Records from a collection:

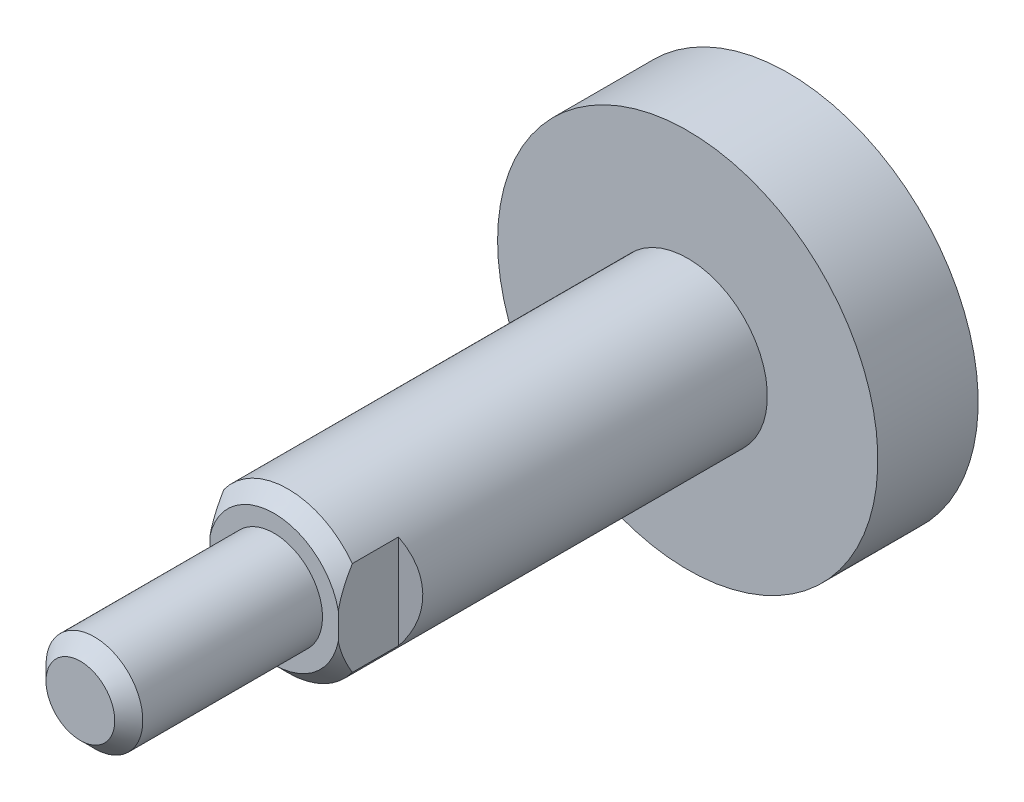
ISO-10303-21;
HEADER;
FILE_DESCRIPTION(('STEP AP214'),'2;1');
FILE_NAME('part.step','',(''),(''),'','','');
FILE_SCHEMA(('AUTOMOTIVE_DESIGN { 1 0 10303 214 1 1 1 1 }'));
ENDSEC;
DATA;
#1=APPLICATION_CONTEXT('core data for automotive mechanical design processes');
#2=APPLICATION_PROTOCOL_DEFINITION('international standard','automotive_design',2000,#1);
#3=PRODUCT_CONTEXT('',#1,'mechanical');
#4=PRODUCT('Part','Part','',(#3));
#5=PRODUCT_RELATED_PRODUCT_CATEGORY('part','',(#4));
#6=PRODUCT_DEFINITION_FORMATION('','',#4);
#7=PRODUCT_DEFINITION_CONTEXT('part definition',#1,'design');
#8=PRODUCT_DEFINITION('design','',#6,#7);
#9=PRODUCT_DEFINITION_SHAPE('','',#8);
#10=(LENGTH_UNIT() NAMED_UNIT(*) SI_UNIT(.MILLI.,.METRE.));
#11=(NAMED_UNIT(*) PLANE_ANGLE_UNIT() SI_UNIT($,.RADIAN.));
#12=(NAMED_UNIT(*) SI_UNIT($,.STERADIAN.) SOLID_ANGLE_UNIT());
#13=UNCERTAINTY_MEASURE_WITH_UNIT(LENGTH_MEASURE(1.E-05),#10,'distance_accuracy_value','');
#14=(GEOMETRIC_REPRESENTATION_CONTEXT(3) GLOBAL_UNCERTAINTY_ASSIGNED_CONTEXT((#13)) GLOBAL_UNIT_ASSIGNED_CONTEXT((#10,
#11,#12)) REPRESENTATION_CONTEXT('',''));
#15=CARTESIAN_POINT('',(0.,0.,0.));
#16=DIRECTION('',(0.,0.,1.));
#17=DIRECTION('',(1.,0.,0.));
#18=AXIS2_PLACEMENT_3D('',#15,#16,#17);
#19=CARTESIAN_POINT('',(0.,0.,35.266));
#20=DIRECTION('',(0.,0.,1.));
#21=DIRECTION('',(1.,0.,0.));
#22=AXIS2_PLACEMENT_3D('',#19,#20,#21);
#23=PLANE('',#22);
#24=CARTESIAN_POINT('',(0.,0.,35.2659999999219));
#25=DIRECTION('',(0.,0.,-1.));
#26=DIRECTION('',(-1.,0.,0.));
#27=AXIS2_PLACEMENT_3D('',#24,#25,#26);
#28=CIRCLE('',#27,1.71299999999519);
#29=CARTESIAN_POINT('',(-1.71299999999519,0.,35.2659999999219));
#30=VERTEX_POINT('',#29);
#31=EDGE_CURVE('E19',#30,#30,#28,.T.);
#32=ORIENTED_EDGE('',*,*,#31,.F.);
#33=EDGE_LOOP('',(#32));
#34=FACE_BOUND('',#33,.T.);
#35=ADVANCED_FACE('F16',(#34),#23,.T.);
#36=CARTESIAN_POINT('',(0.,0.,34.5659999999839));
#37=DIRECTION('',(0.,0.,-1.));
#38=DIRECTION('',(-1.,0.,0.));
#39=AXIS2_PLACEMENT_3D('',#36,#37,#38);
#40=CONICAL_SURFACE('',#39,2.41299999993316,0.785398163397448);
#41=ORIENTED_EDGE('',*,*,#31,.T.);
#42=EDGE_LOOP('',(#41));
#43=FACE_BOUND('',#42,.T.);
#44=CARTESIAN_POINT('',(0.,0.,34.566));
#45=DIRECTION('',(0.,0.,-1.));
#46=DIRECTION('',(-1.,0.,0.));
#47=AXIS2_PLACEMENT_3D('',#44,#45,#46);
#48=CIRCLE('',#47,2.413);
#49=CARTESIAN_POINT('',(-2.413,0.,34.566));
#50=VERTEX_POINT('',#49);
#51=EDGE_CURVE('E71',#50,#50,#48,.T.);
#52=ORIENTED_EDGE('',*,*,#51,.F.);
#53=EDGE_LOOP('',(#52));
#54=FACE_BOUND('',#53,.T.);
#55=ADVANCED_FACE('F196',(#43,#54),#40,.T.);
#56=CARTESIAN_POINT('',(0.,0.,35.266));
#57=DIRECTION('',(0.,0.,-1.));
#58=DIRECTION('',(-1.,0.,0.));
#59=AXIS2_PLACEMENT_3D('',#56,#57,#58);
#60=CYLINDRICAL_SURFACE('',#59,2.413);
#61=ORIENTED_EDGE('',*,*,#51,.T.);
#62=EDGE_LOOP('',(#61));
#63=FACE_BOUND('',#62,.T.);
#64=CARTESIAN_POINT('',(0.,0.,25.614));
#65=DIRECTION('',(0.,0.,-1.));
#66=DIRECTION('',(-1.,0.,0.));
#67=AXIS2_PLACEMENT_3D('',#64,#65,#66);
#68=CIRCLE('',#67,2.413);
#69=CARTESIAN_POINT('',(-2.413,0.,25.614));
#70=VERTEX_POINT('',#69);
#71=EDGE_CURVE('E70',#70,#70,#68,.F.);
#72=ORIENTED_EDGE('',*,*,#71,.T.);
#73=EDGE_LOOP('',(#72));
#74=FACE_BOUND('',#73,.T.);
#75=ADVANCED_FACE('F203',(#63,#74),#60,.T.);
#76=CARTESIAN_POINT('',(0.,0.,25.614));
#77=DIRECTION('',(0.,0.,-1.));
#78=DIRECTION('',(0.,1.,0.));
#79=AXIS2_PLACEMENT_3D('',#76,#77,#78);
#80=PLANE('',#79);
#81=ORIENTED_EDGE('',*,*,#71,.F.);
#82=EDGE_LOOP('',(#81));
#83=FACE_BOUND('',#82,.T.);
#84=DIRECTION('',(0.,1.,0.));
#85=VECTOR('',#84,1.);
#86=CARTESIAN_POINT('',(3.2,0.,25.614));
#87=LINE('',#86,#85);
#88=CARTESIAN_POINT('',(3.2,0.668102537170804,25.6139999999809));
#89=VERTEX_POINT('',#88);
#90=CARTESIAN_POINT('',(3.2,-0.668102537170804,25.6139999999809));
#91=VERTEX_POINT('',#90);
#92=EDGE_CURVE('E58',#89,#91,#87,.F.);
#93=ORIENTED_EDGE('',*,*,#92,.F.);
#94=CARTESIAN_POINT('',(0.,0.,25.6139999999618));
#95=DIRECTION('',(0.,0.,-1.));
#96=DIRECTION('',(0.,1.,0.));
#97=AXIS2_PLACEMENT_3D('',#94,#95,#96);
#98=CIRCLE('',#97,3.26900000004571);
#99=CARTESIAN_POINT('',(-3.2,0.66810253715528,25.6139999999841));
#100=VERTEX_POINT('',#99);
#101=EDGE_CURVE('E91',#100,#89,#98,.T.);
#102=ORIENTED_EDGE('',*,*,#101,.F.);
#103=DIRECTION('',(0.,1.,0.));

PROBLEM DETAILS: All that is needed is an exact copy of the lines from the top of the entries through the line containing "#21=DIRECTION('',(1.,0.,0.));", pictures left out.

WRITTEN ANSWER:
ISO-10303-21;
HEADER;
FILE_DESCRIPTION(('STEP AP214'),'2;1');
FILE_NAME('part.step','',(''),(''),'','','');
FILE_SCHEMA(('AUTOMOTIVE_DESIGN { 1 0 10303 214 1 1 1 1 }'));
ENDSEC;
DATA;
#1=APPLICATION_CONTEXT('core data for automotive mechanical design processes');
#2=APPLICATION_PROTOCOL_DEFINITION('international standard','automotive_design',2000,#1);
#3=PRODUCT_CONTEXT('',#1,'mechanical');
#4=PRODUCT('Part','Part','',(#3));
#5=PRODUCT_RELATED_PRODUCT_CATEGORY('part','',(#4));
#6=PRODUCT_DEFINITION_FORMATION('','',#4);
#7=PRODUCT_DEFINITION_CONTEXT('part definition',#1,'design');
#8=PRODUCT_DEFINITION('design','',#6,#7);
#9=PRODUCT_DEFINITION_SHAPE('','',#8);
#10=(LENGTH_UNIT() NAMED_UNIT(*) SI_UNIT(.MILLI.,.METRE.));
#11=(NAMED_UNIT(*) PLANE_ANGLE_UNIT() SI_UNIT($,.RADIAN.));
#12=(NAMED_UNIT(*) SI_UNIT($,.STERADIAN.) SOLID_ANGLE_UNIT());
#13=UNCERTAINTY_MEASURE_WITH_UNIT(LENGTH_MEASURE(1.E-05),#10,'distance_accuracy_value','');
#14=(GEOMETRIC_REPRESENTATION_CONTEXT(3) GLOBAL_UNCERTAINTY_ASSIGNED_CONTEXT((#13)) GLOBAL_UNIT_ASSIGNED_CONTEXT((#10,
#11,#12)) REPRESENTATION_CONTEXT('',''));
#15=CARTESIAN_POINT('',(0.,0.,0.));
#16=DIRECTION('',(0.,0.,1.));
#17=DIRECTION('',(1.,0.,0.));
#18=AXIS2_PLACEMENT_3D('',#15,#16,#17);
#19=CARTESIAN_POINT('',(0.,0.,35.266));
#20=DIRECTION('',(0.,0.,1.));
#21=DIRECTION('',(1.,0.,0.));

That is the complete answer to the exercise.